Иногда он ей говорил: «Сейчас увидишь, как на меня здесь накинутся!» И правда, как только открывалась дверь квартиры и показывался Усач со своей сумкой, ему прямо на шею бросалась маленькая девочка с тугими косичками, крича: «От папы! От папы письмо!» И молодая женщина спешила взять письмо и сказать слова благодарности почтальону. И это так врезалось в память Нюры потому, что никогда не получали они с мамой никакой весточки от Нюриного папы.
Заходила она с Усачом и в другие квартиры. Иногда вести, которые он приносил, были печальными, иногда безразличными для получателя. Но почему-то больше всего запоминалось, когда из кожаной сумки почтальона при всеобщем ликовании большой семьи появлялся долгожданный конверт…

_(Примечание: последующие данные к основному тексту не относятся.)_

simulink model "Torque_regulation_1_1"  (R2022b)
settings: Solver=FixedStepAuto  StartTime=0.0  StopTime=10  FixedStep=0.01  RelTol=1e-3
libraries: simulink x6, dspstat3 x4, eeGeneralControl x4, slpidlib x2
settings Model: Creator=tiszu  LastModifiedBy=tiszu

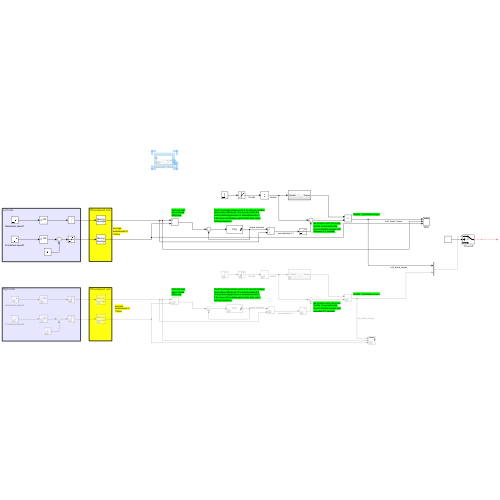
[thumbnail: Simulink's stored preview of the top-level diagram]
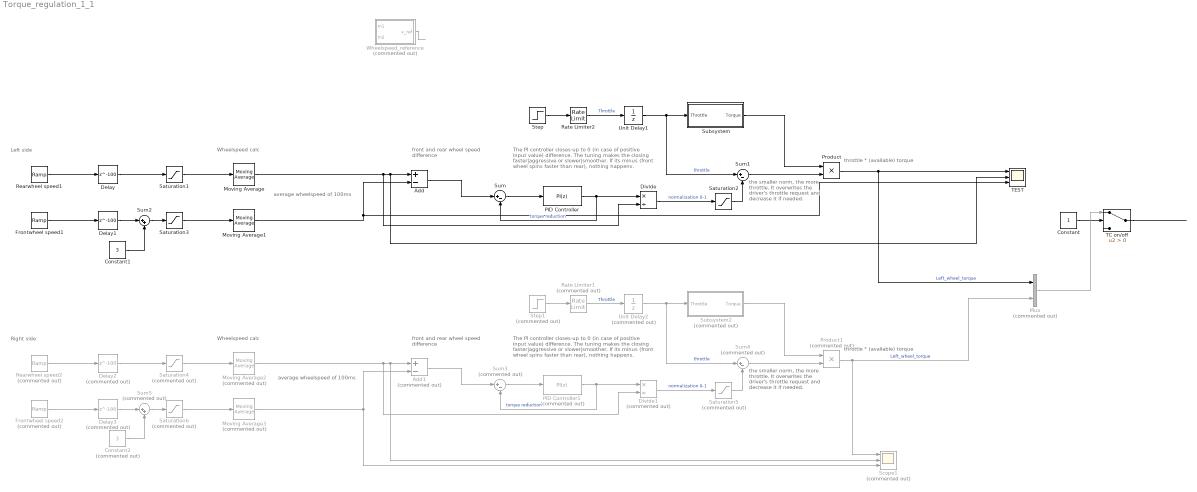
== system Torque_regulation_1_1 ==
  note: throttle * (available) torque
  note: the smaller norm, the more throttle. It overwrites the driver's throttle request and decrease it if needed.
  note: The PI controller closes-up to 0 (in case of positive input value) difference. The tuning makes the closing faster|aggressive or slower|smoother.
      | If its minus (front wheel spins faster than rear), nothing happens.
  note: average wheelspeed of 100ms
  note: Wheelspeed calc
  note: front and rear wheel speed difference
  note: Left side
  note: the smaller norm, the more throttle. It overwrites the driver's throttle request and decrease it if needed.
  note: Right side
  note: average wheelspeed of 100ms
  note: throttle * (available) torque
  note: The PI controller closes-up to 0 (in case of positive input value) difference. The tuning makes the closing faster|aggressive or slower|smoother.
      | If its minus (front wheel spins faster than rear), nothing happens.
  note: Wheelspeed calc
  note: front and rear wheel speed difference
  Add : Sum  Inputs=+-
  Add1 : Sum  Commented=on  Inputs=+-
  Constant : Constant
  Constant1 : Constant  Value=3
  Constant2 : Constant  Commented=on  Value=3
  Delay : Delay  DelayLength=100
  Delay1 : Delay  DelayLength=100
  Delay2 : Delay  Commented=on  DelayLength=100
  Delay3 : Delay  Commented=on  DelayLength=100
  Divide : Product  Inputs=*/
  Divide1 : Product  Commented=on  Inputs=*/
  Frontwheel speed1 : simulink/Sources/Ramp  slope=10  start=0  InitialOutput=0
  Frontwheel speed2 : simulink/Sources/Ramp  Commented=on  slope=10  start=0  InitialOutput=0
  Moving Average : dspstat3/Moving Average  Method=Sliding window  ForgettingFactorPort=off  SpecifyWindowLength=on  WindowLength=100  OverlapLength=99  AllowArbitraryInputLength=off  ForgettingFactor=0.9  SimulateUsing=Code generation
  Moving Average1 : dspstat3/Moving Average  Method=Sliding window  ForgettingFactorPort=off  SpecifyWindowLength=on  WindowLength=100  OverlapLength=99  AllowArbitraryInputLength=off  ForgettingFactor=0.9  SimulateUsing=Code generation
  Moving Average2 : dspstat3/Moving Average  Commented=on  Method=Sliding window  ForgettingFactorPort=off  SpecifyWindowLength=on  WindowLength=100  OverlapLength=99  AllowArbitraryInputLength=off  ForgettingFactor=0.9  SimulateUsing=Code generation
  Moving Average3 : dspstat3/Moving Average  Commented=on  Method=Sliding window  ForgettingFactorPort=off  SpecifyWindowLength=on  WindowLength=100  OverlapLength=99  AllowArbitraryInputLength=off  ForgettingFactor=0.9  SimulateUsing=Code generation
  Mux : Mux  Commented=on  Inputs=2
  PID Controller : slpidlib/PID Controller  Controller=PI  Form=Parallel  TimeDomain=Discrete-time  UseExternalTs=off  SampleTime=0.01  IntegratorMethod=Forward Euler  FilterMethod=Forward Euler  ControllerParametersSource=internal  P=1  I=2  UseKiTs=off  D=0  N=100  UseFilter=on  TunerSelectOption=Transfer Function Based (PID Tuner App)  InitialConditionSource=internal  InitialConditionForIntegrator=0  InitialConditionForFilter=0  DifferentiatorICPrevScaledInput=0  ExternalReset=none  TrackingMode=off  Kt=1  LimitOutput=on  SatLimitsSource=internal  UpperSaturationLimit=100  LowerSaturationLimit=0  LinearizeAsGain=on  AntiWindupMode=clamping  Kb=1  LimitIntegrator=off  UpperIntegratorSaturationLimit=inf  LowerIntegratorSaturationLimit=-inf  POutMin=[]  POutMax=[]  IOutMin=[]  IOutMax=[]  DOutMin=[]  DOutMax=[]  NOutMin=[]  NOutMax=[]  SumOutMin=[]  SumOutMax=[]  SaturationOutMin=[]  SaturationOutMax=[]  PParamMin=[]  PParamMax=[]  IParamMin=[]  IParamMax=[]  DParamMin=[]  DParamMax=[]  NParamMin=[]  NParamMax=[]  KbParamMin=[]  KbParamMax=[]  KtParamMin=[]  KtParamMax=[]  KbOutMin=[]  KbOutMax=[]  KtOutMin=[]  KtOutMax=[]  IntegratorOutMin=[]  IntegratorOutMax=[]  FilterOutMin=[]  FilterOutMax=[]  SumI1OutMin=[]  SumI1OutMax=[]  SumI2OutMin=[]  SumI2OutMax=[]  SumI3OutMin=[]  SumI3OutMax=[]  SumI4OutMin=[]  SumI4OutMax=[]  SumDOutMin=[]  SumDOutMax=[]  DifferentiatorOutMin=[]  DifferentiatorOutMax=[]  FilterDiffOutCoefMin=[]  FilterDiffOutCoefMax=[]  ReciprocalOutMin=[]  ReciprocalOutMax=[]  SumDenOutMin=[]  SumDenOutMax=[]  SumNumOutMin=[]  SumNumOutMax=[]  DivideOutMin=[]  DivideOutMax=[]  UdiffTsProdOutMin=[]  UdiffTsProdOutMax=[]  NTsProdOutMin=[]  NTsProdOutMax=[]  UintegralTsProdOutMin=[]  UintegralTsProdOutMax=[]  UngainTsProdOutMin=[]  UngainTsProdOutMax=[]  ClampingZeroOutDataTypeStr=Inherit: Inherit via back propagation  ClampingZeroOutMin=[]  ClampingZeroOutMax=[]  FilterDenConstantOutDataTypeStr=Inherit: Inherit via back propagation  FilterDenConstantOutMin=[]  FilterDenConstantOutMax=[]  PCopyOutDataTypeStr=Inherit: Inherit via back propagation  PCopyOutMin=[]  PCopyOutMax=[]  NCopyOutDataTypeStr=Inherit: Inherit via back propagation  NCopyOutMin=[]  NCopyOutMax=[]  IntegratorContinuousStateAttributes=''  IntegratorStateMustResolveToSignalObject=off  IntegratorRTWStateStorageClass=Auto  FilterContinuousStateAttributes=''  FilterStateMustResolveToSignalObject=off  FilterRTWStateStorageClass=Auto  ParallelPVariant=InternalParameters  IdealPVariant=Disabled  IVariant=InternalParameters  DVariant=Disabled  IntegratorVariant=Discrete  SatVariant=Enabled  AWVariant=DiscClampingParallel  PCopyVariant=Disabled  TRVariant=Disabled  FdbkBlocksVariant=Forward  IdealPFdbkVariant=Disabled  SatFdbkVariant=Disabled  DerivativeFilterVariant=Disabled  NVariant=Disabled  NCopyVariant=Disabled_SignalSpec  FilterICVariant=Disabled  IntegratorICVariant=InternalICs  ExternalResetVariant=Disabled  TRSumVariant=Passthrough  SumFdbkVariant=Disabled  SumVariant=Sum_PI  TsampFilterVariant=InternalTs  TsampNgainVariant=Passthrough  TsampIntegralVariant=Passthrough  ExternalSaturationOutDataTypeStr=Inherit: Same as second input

Дождя уже нет, но дорога совсем раскисла. Нюрины сапоги погружаются в жидкую грязь по самый край голенищ: вот-вот зачерпнут жидкого месива. Еще не было Егоровой Пустоши — ложбинки, по которой течет ручей, разделяя дорогу в совхоз как раз пополам. Нюра останавливается, смотрит на часы. Циферблат у нее светящийся. Ой, как медленно она идет! Да и как ускоришь шаг в такую грязь? Все-таки они не имели права гонять ее ночью так далеко! И вообще она не подчиняется телеграфисту. Мало ли что! Надо было ответить ему: утром доставим! Конечно, тогда эта женщина не поспела бы на шестичасовой. Ну, ладно уж. Пошла так пошла…
Как это вышло, что она сделалась почтальоном?
Когда Нюра кончила семилетку, мама хотела, чтобы она училась дальше. Но Нюра не могла так: мама хоть она и веселая всегда, а только и усталая. Придет с фабрики, так даже есть не хочет: «Нюрка, стели, лягу!» И даже не разговаривает. Нюра решила работать. И Усач ее устроил на почту.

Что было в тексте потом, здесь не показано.